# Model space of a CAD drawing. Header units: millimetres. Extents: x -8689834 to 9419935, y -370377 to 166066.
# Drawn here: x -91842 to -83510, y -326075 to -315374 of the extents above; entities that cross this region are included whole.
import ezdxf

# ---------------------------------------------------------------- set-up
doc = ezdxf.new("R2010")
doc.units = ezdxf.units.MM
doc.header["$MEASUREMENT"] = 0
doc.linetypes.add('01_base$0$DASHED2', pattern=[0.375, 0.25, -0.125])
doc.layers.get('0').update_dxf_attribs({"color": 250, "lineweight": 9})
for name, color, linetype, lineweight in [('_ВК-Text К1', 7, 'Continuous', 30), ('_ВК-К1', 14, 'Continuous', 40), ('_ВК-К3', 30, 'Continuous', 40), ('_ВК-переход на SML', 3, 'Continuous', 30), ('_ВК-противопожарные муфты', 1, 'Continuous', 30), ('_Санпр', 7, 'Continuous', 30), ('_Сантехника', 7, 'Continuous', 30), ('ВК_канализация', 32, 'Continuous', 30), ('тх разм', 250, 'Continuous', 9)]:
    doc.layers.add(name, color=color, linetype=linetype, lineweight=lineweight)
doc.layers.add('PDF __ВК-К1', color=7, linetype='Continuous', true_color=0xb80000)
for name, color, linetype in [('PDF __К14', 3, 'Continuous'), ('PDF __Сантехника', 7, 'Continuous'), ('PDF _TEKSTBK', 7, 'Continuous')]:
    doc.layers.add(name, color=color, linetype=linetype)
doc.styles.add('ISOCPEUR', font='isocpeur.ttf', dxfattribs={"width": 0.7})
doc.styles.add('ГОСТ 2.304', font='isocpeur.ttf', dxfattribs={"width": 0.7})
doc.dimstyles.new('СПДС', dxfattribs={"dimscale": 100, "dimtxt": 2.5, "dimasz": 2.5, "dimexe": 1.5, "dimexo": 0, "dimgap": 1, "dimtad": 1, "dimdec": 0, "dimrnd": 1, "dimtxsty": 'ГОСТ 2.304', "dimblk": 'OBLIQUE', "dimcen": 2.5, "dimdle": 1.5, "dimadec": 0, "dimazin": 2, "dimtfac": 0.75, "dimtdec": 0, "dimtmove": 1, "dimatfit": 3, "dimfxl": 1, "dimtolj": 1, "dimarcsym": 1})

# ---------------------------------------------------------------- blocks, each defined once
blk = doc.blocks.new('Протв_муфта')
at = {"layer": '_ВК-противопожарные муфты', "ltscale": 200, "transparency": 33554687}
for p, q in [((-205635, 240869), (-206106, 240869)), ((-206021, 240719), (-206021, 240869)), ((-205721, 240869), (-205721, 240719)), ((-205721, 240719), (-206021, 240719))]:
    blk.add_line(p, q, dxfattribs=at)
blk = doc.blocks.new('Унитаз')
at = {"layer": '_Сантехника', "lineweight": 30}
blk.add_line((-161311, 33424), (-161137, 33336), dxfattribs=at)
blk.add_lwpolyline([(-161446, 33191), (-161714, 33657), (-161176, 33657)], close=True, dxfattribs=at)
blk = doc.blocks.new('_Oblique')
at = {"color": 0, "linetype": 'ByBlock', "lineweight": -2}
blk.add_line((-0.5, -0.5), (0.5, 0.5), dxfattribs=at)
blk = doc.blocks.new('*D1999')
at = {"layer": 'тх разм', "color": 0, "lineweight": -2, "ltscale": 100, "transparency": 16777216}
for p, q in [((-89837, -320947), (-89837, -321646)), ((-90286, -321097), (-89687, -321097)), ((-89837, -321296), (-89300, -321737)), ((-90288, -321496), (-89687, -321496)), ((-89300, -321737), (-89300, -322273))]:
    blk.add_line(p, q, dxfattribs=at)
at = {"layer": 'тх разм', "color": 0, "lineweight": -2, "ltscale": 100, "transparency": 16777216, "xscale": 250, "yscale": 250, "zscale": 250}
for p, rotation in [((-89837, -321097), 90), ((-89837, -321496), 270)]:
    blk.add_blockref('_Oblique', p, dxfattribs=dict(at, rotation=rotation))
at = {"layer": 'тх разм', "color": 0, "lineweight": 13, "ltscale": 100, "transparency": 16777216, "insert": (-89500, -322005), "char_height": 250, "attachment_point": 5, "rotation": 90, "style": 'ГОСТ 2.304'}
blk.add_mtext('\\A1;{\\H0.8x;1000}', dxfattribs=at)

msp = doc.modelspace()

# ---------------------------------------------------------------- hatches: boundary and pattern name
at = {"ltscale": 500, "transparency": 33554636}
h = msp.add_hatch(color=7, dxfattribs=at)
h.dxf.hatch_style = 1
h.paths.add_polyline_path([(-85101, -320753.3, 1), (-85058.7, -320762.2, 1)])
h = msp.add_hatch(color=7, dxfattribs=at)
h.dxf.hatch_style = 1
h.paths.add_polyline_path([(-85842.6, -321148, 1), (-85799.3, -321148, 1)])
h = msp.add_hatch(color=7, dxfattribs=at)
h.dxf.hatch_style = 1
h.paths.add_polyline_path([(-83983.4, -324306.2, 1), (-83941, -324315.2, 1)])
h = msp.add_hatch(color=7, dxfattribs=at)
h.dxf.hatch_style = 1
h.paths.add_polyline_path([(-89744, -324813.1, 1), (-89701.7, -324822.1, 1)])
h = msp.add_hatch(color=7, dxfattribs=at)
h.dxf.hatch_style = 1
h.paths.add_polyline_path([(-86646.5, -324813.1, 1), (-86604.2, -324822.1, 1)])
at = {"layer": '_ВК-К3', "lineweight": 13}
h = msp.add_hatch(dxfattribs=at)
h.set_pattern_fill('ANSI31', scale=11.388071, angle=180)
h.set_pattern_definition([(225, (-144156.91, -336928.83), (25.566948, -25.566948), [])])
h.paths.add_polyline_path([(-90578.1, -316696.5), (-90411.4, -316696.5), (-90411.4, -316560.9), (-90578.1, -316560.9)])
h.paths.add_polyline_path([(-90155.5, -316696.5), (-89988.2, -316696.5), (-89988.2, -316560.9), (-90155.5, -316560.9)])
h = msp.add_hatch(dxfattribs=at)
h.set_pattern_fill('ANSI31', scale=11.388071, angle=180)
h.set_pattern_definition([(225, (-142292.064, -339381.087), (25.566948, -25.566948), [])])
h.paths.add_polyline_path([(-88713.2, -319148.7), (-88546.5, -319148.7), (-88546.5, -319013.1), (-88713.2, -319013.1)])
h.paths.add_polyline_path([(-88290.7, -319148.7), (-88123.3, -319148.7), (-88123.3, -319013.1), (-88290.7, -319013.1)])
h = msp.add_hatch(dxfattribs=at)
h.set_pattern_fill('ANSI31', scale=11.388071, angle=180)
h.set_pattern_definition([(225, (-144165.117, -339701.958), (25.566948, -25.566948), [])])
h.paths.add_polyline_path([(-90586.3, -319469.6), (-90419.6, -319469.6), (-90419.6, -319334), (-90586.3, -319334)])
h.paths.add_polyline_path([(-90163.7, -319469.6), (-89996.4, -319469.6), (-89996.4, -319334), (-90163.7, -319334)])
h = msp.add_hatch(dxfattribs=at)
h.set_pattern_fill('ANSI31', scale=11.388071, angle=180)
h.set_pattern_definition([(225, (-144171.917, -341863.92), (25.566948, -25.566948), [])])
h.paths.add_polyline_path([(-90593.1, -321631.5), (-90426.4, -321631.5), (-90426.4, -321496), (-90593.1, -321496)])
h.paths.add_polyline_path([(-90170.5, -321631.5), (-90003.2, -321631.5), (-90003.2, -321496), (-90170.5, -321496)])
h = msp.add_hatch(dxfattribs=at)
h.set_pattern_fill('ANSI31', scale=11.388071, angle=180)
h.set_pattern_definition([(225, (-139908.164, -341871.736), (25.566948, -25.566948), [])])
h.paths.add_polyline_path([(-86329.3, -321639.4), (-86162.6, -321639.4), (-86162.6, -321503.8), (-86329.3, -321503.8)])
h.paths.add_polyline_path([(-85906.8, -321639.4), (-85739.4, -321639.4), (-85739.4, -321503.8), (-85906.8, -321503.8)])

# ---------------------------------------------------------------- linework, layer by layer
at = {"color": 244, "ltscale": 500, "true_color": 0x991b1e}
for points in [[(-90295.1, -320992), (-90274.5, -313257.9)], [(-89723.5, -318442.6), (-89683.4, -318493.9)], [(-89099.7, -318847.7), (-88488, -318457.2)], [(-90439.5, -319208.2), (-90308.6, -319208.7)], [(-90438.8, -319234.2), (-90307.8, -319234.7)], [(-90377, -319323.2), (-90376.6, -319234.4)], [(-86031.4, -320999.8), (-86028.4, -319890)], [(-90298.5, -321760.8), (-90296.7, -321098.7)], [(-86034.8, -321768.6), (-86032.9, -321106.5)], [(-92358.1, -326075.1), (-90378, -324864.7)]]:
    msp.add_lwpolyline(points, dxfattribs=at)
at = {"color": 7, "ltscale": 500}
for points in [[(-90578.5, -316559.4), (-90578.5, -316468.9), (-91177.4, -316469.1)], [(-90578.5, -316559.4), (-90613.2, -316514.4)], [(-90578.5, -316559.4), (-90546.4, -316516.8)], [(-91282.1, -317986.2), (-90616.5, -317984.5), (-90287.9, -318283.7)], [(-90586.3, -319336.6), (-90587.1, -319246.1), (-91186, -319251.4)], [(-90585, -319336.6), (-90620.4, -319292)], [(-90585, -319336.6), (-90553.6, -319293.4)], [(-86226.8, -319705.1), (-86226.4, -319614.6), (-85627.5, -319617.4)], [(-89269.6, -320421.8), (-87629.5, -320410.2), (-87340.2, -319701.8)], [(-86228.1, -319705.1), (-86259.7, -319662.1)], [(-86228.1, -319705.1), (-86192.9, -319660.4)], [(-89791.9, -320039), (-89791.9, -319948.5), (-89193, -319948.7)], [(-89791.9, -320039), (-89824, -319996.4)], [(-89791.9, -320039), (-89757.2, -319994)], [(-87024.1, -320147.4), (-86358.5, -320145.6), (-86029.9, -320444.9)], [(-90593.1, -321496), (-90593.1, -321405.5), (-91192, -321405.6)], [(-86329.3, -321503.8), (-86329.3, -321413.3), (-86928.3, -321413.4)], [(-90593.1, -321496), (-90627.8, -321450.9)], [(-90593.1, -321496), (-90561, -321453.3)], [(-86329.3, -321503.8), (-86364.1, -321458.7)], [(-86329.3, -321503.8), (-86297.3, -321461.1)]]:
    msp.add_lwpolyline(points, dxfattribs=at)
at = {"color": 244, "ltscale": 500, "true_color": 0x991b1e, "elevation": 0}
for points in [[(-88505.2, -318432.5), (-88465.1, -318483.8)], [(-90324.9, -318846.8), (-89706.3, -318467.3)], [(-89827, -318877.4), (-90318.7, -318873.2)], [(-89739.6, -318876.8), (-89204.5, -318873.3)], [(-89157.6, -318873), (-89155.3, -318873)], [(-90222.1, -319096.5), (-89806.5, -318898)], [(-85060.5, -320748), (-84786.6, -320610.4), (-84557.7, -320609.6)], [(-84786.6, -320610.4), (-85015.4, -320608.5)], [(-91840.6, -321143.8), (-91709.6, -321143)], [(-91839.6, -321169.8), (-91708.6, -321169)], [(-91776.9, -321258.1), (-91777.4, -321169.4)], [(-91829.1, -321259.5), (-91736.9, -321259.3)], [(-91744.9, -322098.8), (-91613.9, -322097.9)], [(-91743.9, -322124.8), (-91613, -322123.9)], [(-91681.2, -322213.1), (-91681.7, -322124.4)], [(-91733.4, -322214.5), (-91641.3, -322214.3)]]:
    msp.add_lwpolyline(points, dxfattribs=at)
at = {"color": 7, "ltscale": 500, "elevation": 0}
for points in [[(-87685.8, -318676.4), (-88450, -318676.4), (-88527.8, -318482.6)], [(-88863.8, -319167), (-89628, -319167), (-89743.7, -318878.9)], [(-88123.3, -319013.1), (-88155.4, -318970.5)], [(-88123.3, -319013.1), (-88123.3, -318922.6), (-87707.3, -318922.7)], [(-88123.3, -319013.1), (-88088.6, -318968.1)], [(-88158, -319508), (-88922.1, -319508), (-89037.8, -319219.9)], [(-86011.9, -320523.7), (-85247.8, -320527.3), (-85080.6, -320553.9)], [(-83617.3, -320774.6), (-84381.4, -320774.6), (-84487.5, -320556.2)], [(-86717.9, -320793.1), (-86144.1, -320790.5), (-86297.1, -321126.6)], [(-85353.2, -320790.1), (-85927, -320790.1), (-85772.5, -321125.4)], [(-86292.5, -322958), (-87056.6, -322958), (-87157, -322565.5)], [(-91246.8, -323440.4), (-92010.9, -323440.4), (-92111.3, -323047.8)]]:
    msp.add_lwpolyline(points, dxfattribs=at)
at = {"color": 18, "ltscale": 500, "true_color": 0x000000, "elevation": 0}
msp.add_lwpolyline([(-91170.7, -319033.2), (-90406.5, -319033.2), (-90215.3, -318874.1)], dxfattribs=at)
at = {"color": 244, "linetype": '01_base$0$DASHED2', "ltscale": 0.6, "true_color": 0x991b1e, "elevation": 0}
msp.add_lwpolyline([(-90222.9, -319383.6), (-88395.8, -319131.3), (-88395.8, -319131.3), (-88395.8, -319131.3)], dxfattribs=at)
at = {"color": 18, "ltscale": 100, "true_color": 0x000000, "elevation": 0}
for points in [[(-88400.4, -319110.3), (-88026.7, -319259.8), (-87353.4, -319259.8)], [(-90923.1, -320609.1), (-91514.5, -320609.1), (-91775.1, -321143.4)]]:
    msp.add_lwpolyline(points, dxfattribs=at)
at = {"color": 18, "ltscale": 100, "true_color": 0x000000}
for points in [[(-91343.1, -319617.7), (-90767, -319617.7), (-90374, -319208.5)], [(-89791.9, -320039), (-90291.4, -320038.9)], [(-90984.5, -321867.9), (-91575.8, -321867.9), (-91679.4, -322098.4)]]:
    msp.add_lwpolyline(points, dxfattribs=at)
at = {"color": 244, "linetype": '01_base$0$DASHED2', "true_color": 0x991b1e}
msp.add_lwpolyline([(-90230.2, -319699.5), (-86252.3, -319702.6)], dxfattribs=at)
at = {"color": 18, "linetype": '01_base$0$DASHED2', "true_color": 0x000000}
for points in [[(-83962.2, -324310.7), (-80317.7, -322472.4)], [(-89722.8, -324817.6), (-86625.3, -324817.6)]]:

•••

Work to complete – Take the listing from its first line to the line containing "color=7, linetype='Continuous', true_color=0xb80000)". Reproduce those lines exactly and nothing else.

Result of the exercise –
# Model space of a CAD drawing. Header units: millimetres. Extents: x -8689834 to 9419935, y -370377 to 166066.
# Drawn here: x -91842 to -83510, y -326075 to -315374 of the extents above; entities that cross this region are included whole.
import ezdxf

# ---------------------------------------------------------------- set-up
doc = ezdxf.new("R2010")
doc.units = ezdxf.units.MM
doc.header["$MEASUREMENT"] = 0
doc.linetypes.add('01_base$0$DASHED2', pattern=[0.375, 0.25, -0.125])
doc.layers.get('0').update_dxf_attribs({"color": 250, "lineweight": 9})
for name, color, linetype, lineweight in [('_ВК-Text К1', 7, 'Continuous', 30), ('_ВК-К1', 14, 'Continuous', 40), ('_ВК-К3', 30, 'Continuous', 40), ('_ВК-переход на SML', 3, 'Continuous', 30), ('_ВК-противопожарные муфты', 1, 'Continuous', 30), ('_Санпр', 7, 'Continuous', 30), ('_Сантехника', 7, 'Continuous', 30), ('ВК_канализация', 32, 'Continuous', 30), ('тх разм', 250, 'Continuous', 9)]:
    doc.layers.add(name, color=color, linetype=linetype, lineweight=lineweight)
doc.layers.add('PDF __ВК-К1', color=7, linetype='Continuous', true_color=0xb80000)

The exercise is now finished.